Lycera’s proprietary technology platform is focused on the emerging area of cellular bioenergetics to selectively target and silence pathologically activated lymphocytes without global immunosuppression, thereby keeping the healthy immune cells intact. Cellular bioenergetics is a field of biology focused on studying how energy in the form of ATP is made and utilized in living systems.

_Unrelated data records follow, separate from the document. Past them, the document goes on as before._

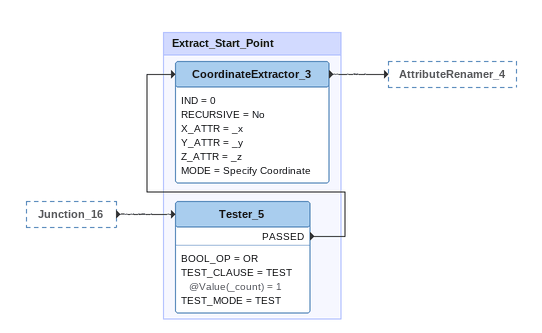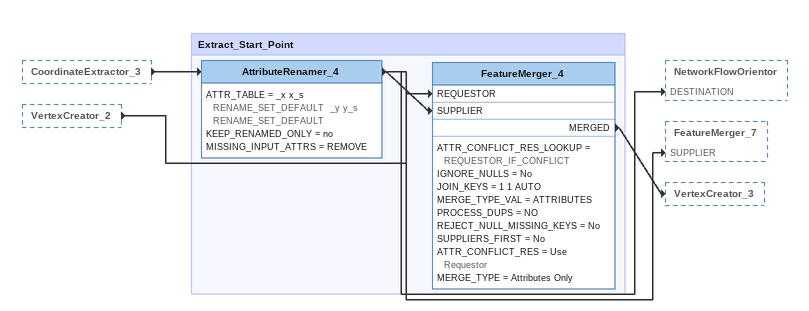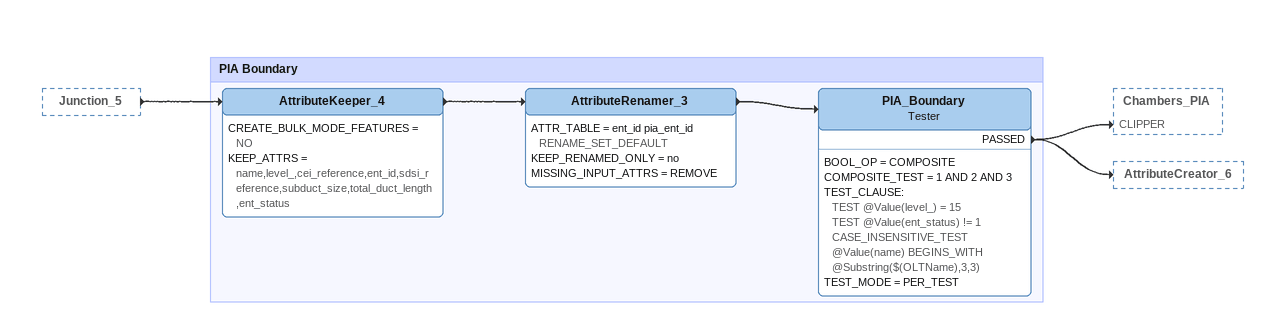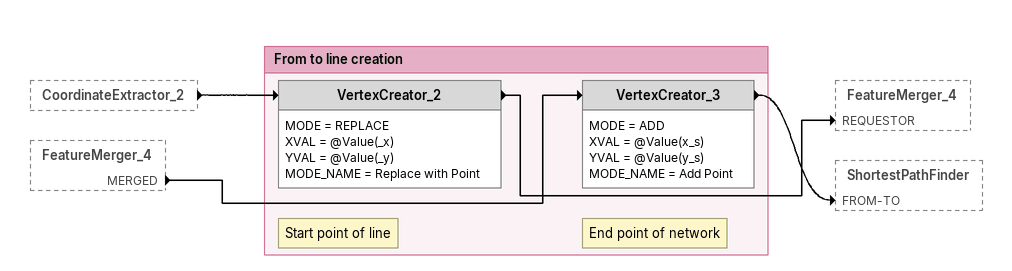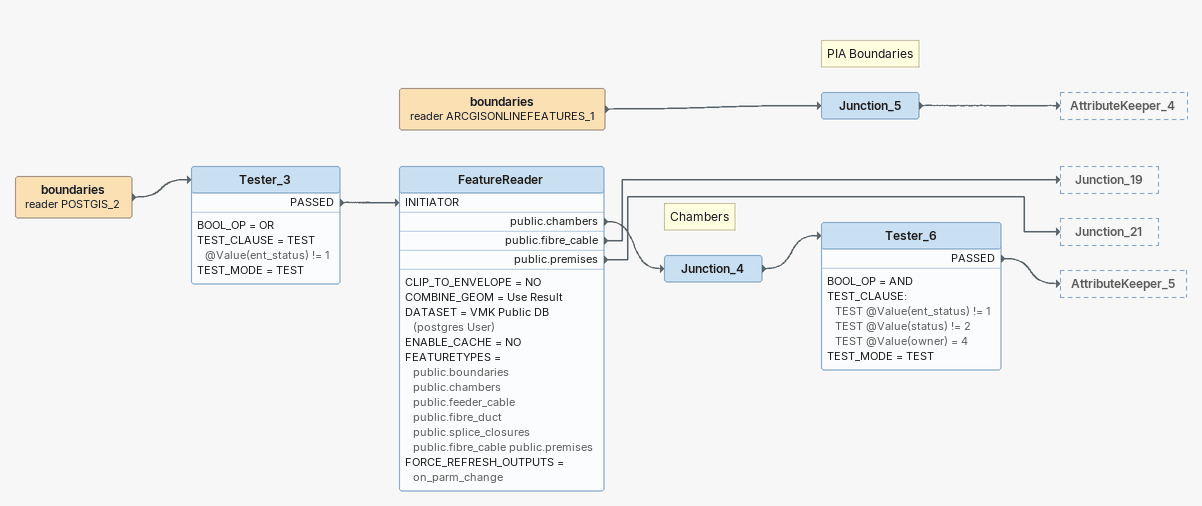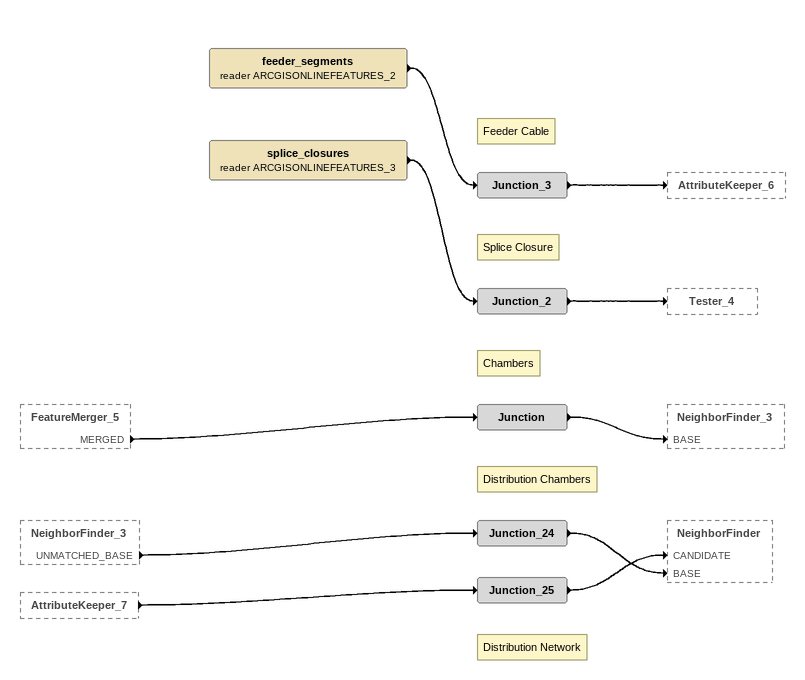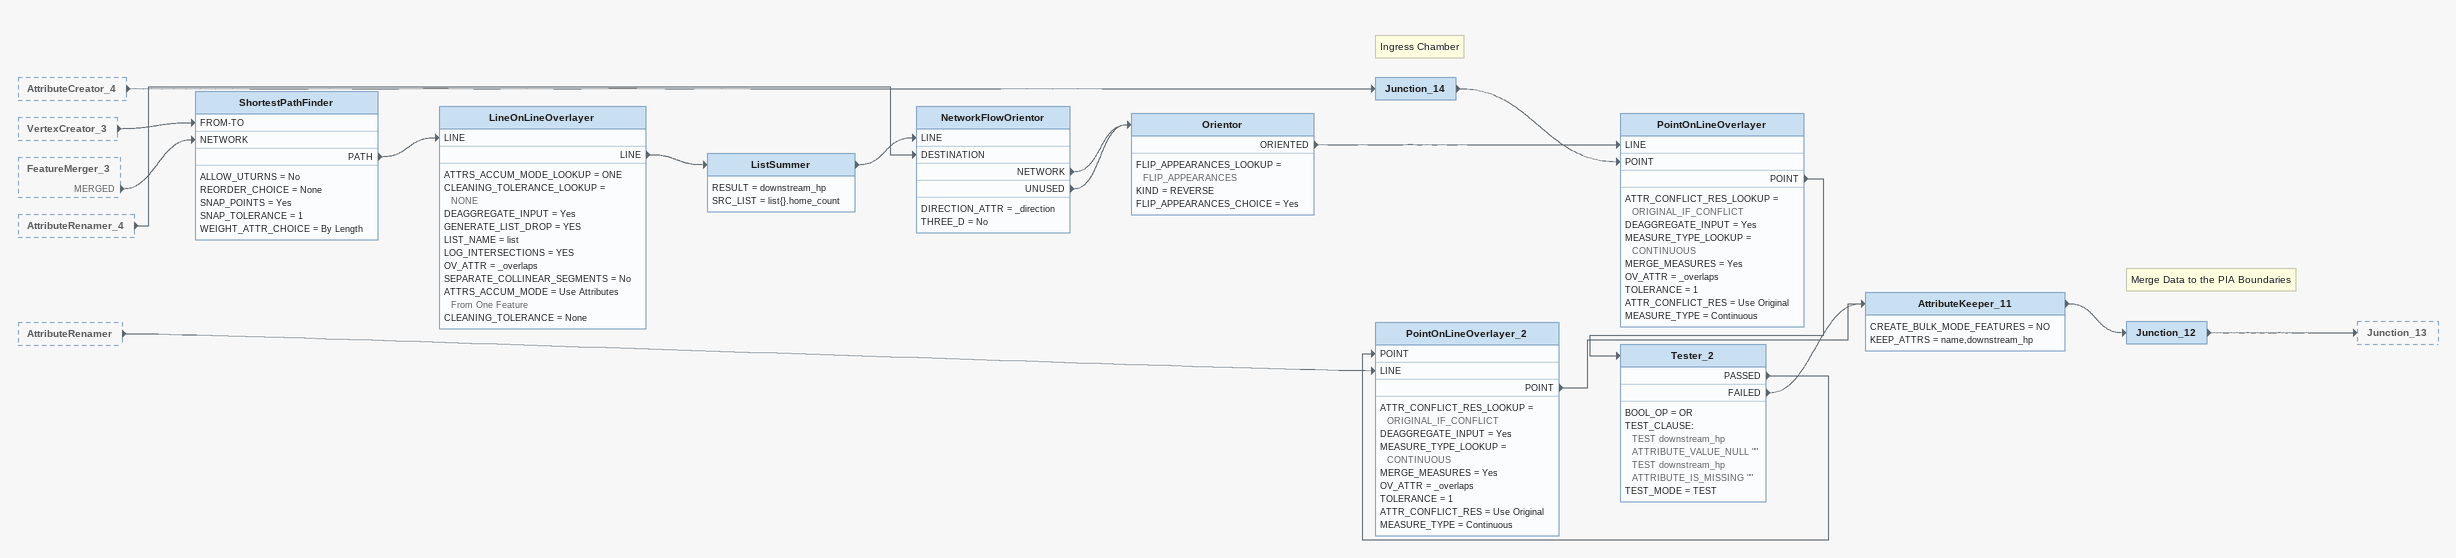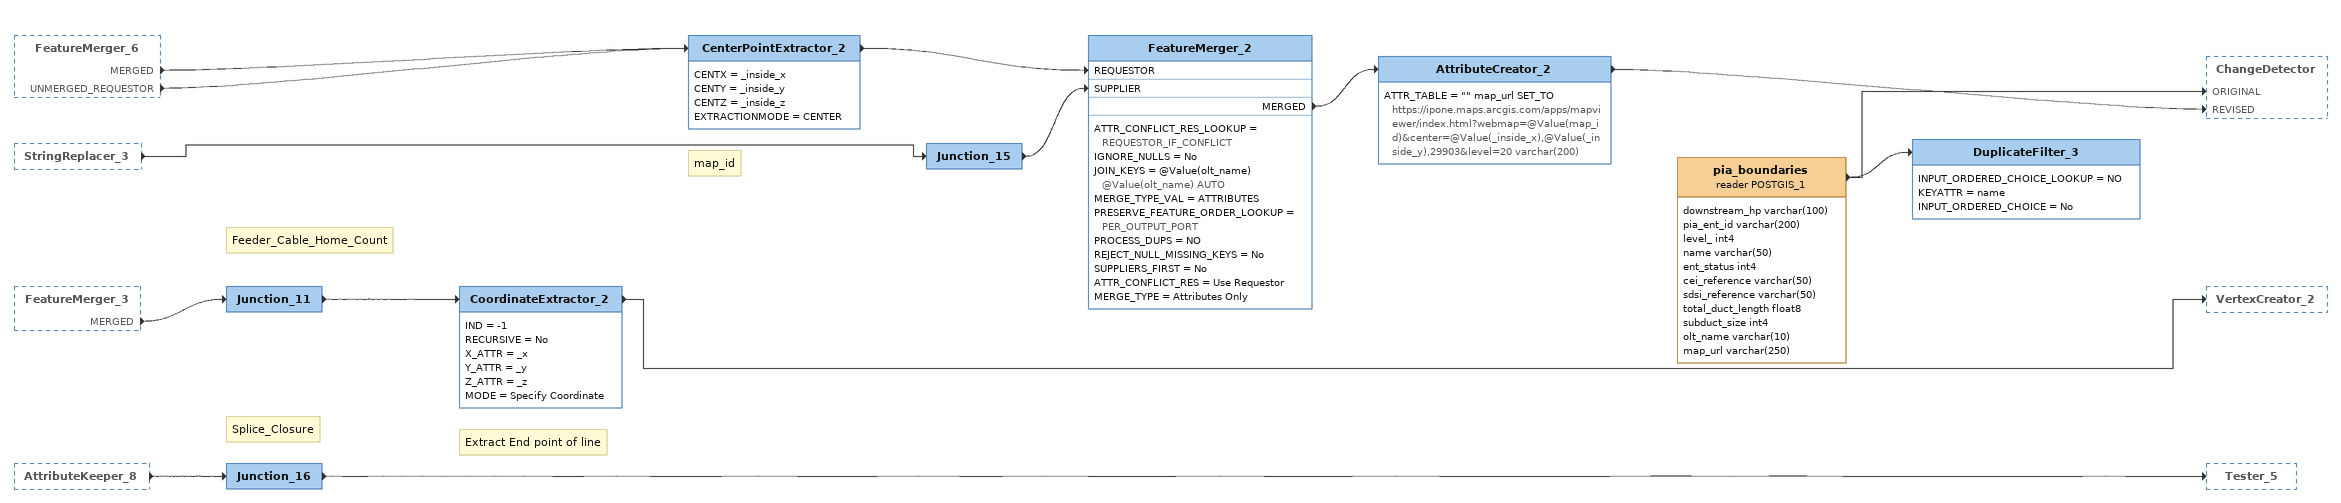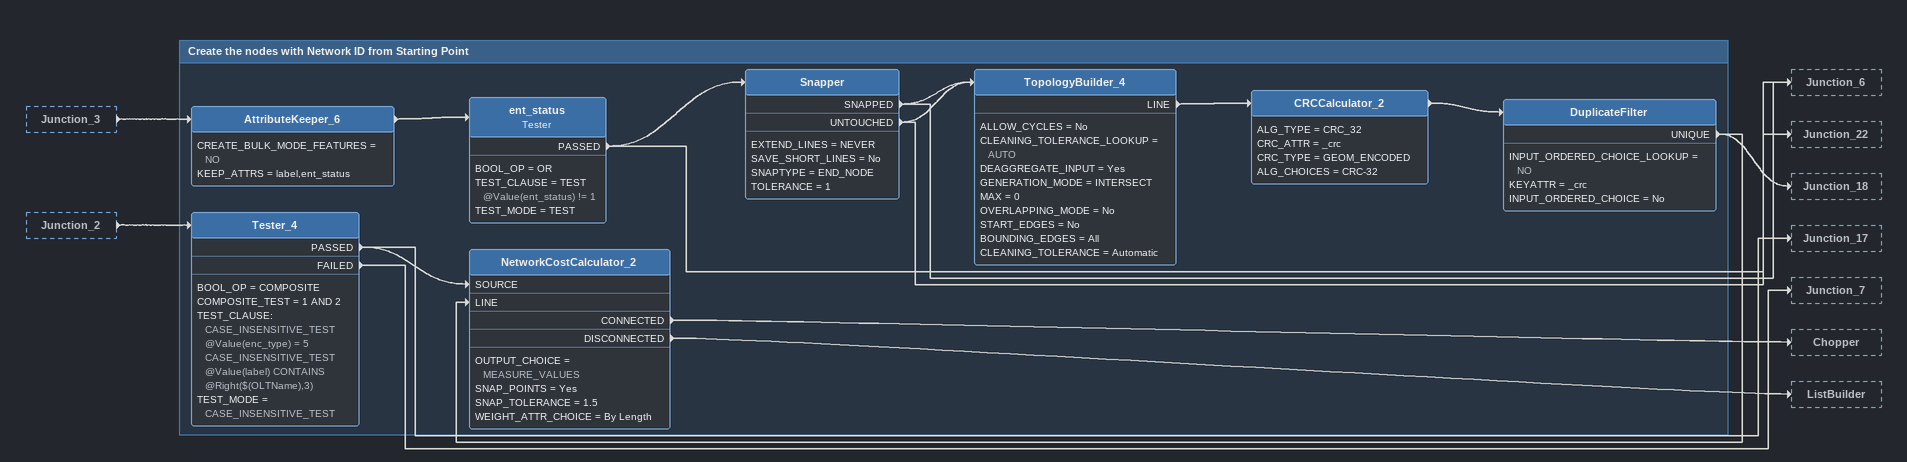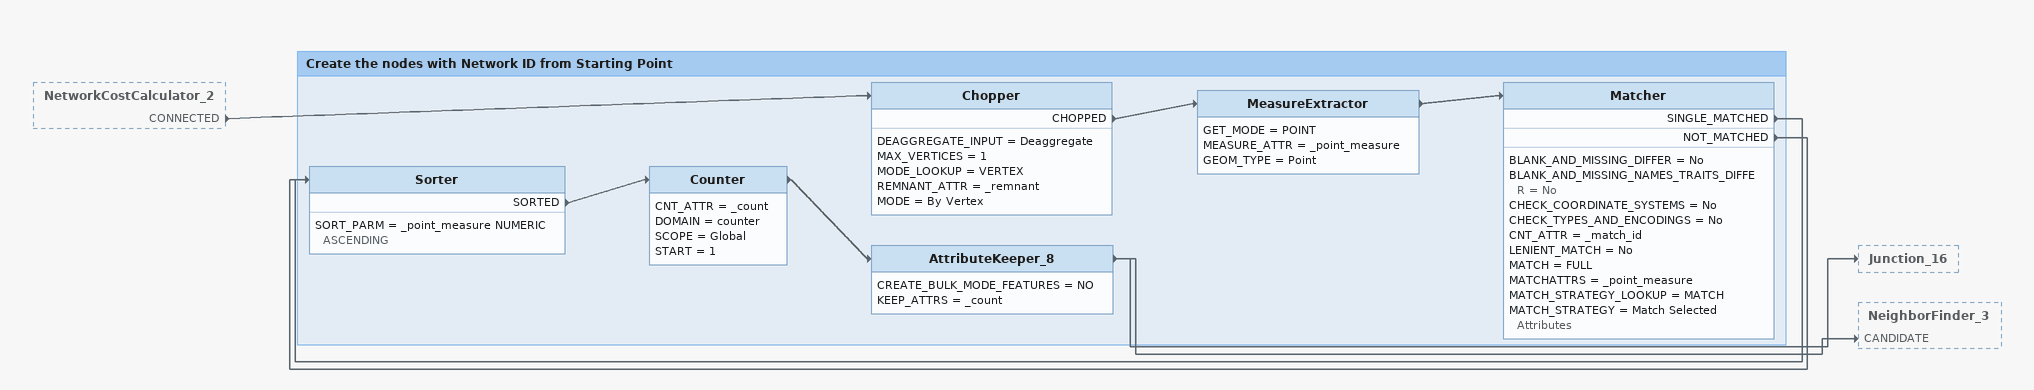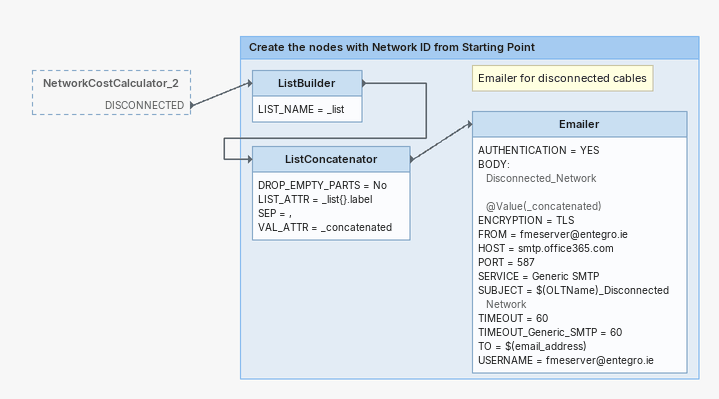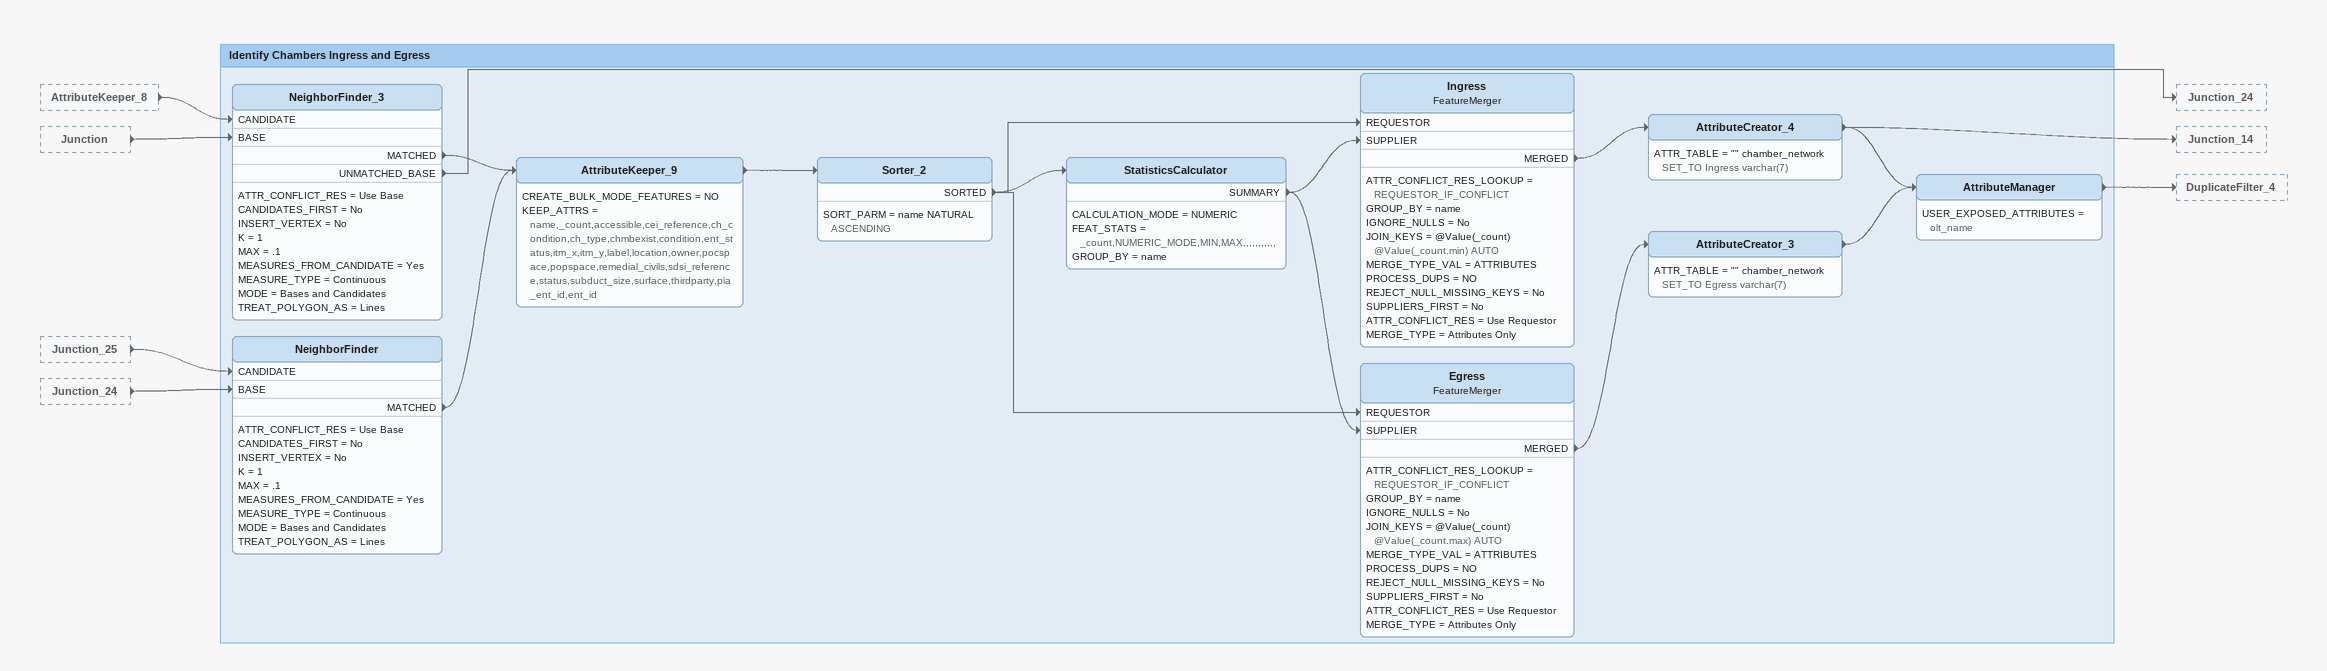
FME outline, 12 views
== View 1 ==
Junction_16 [outside]
    -> Tester_5

Bookmark: Extract_Start_Point
Tester_5
    BOOL_OP = OR
    TEST_CLAUSE = TEST @Value(_count) = 1
    TEST_MODE = TEST
    PASSED -> CoordinateExtractor_3
CoordinateExtractor_3
    IND = 0
    RECURSIVE = No
    X_ATTR = _x
    Y_ATTR = _y
    Z_ATTR = _z
    MODE = Specify Coordinate
    -> AttributeRenamer_4

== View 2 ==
CoordinateExtractor_3 [outside]
    -> AttributeRenamer_4
VertexCreator_2 [outside]
    -> FeatureMerger_4 [REQUESTOR]

Bookmark: Extract_Start_Point
AttributeRenamer_4
    ATTR_TABLE = _x x_s RENAME_SET_DEFAULT  _y y_s RENAME_SET_DEFAULT
    KEEP_RENAMED_ONLY = no
    MISSING_INPUT_ATTRS = REMOVE
    -> FeatureMerger_4 [SUPPLIER]
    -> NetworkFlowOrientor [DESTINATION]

Lycera’s lead research program, the Bioenergetics program, originated from the lab of the company’s founder and chief scientific officer Gary D. Glick, Ph.D., at the University of Michigan. In preclinical studies, modulating the ATPase within the mitochondria of pathologically activated lymphocytes has demonstrated efficacy with no major toxicities or effects on antibody or DTH responses in mice. Testing has been conducted in preclinical models of lupus, rheumatoid arthritis, psoriasis, graft-vs.-host disease and other medical conditions. The mechanism has been supported by extensive published and unpublished work over the past eight years and has generated multiple potential drug candidates. The company is on track to be in the clinic in 2011 with its first small-molecule oral therapy candidate.

Th17

Lycera has developed a proprietary lead program that targets Th17 cells, key mediators of inflammation, through the inhibition of ROR-gamma, a member of the highly druggable nuclear receptor super-family. Th17 cells secrete pro-inflammatory cytokines (including IL-17A, IL-17F, IL-21 and IL-22) and express IL-23 receptor and chemokine receptor CCR6, which play important roles in autoimmune disease. Targeting Th17 cell differentiation by blocking production of pro-inflammatory cytokines, IL-23R and CCR6 can be achieved by inhibiting the upstream master regulator ROR-gamma, which controls the production of IL-17 and other related proinflammatory cytokines.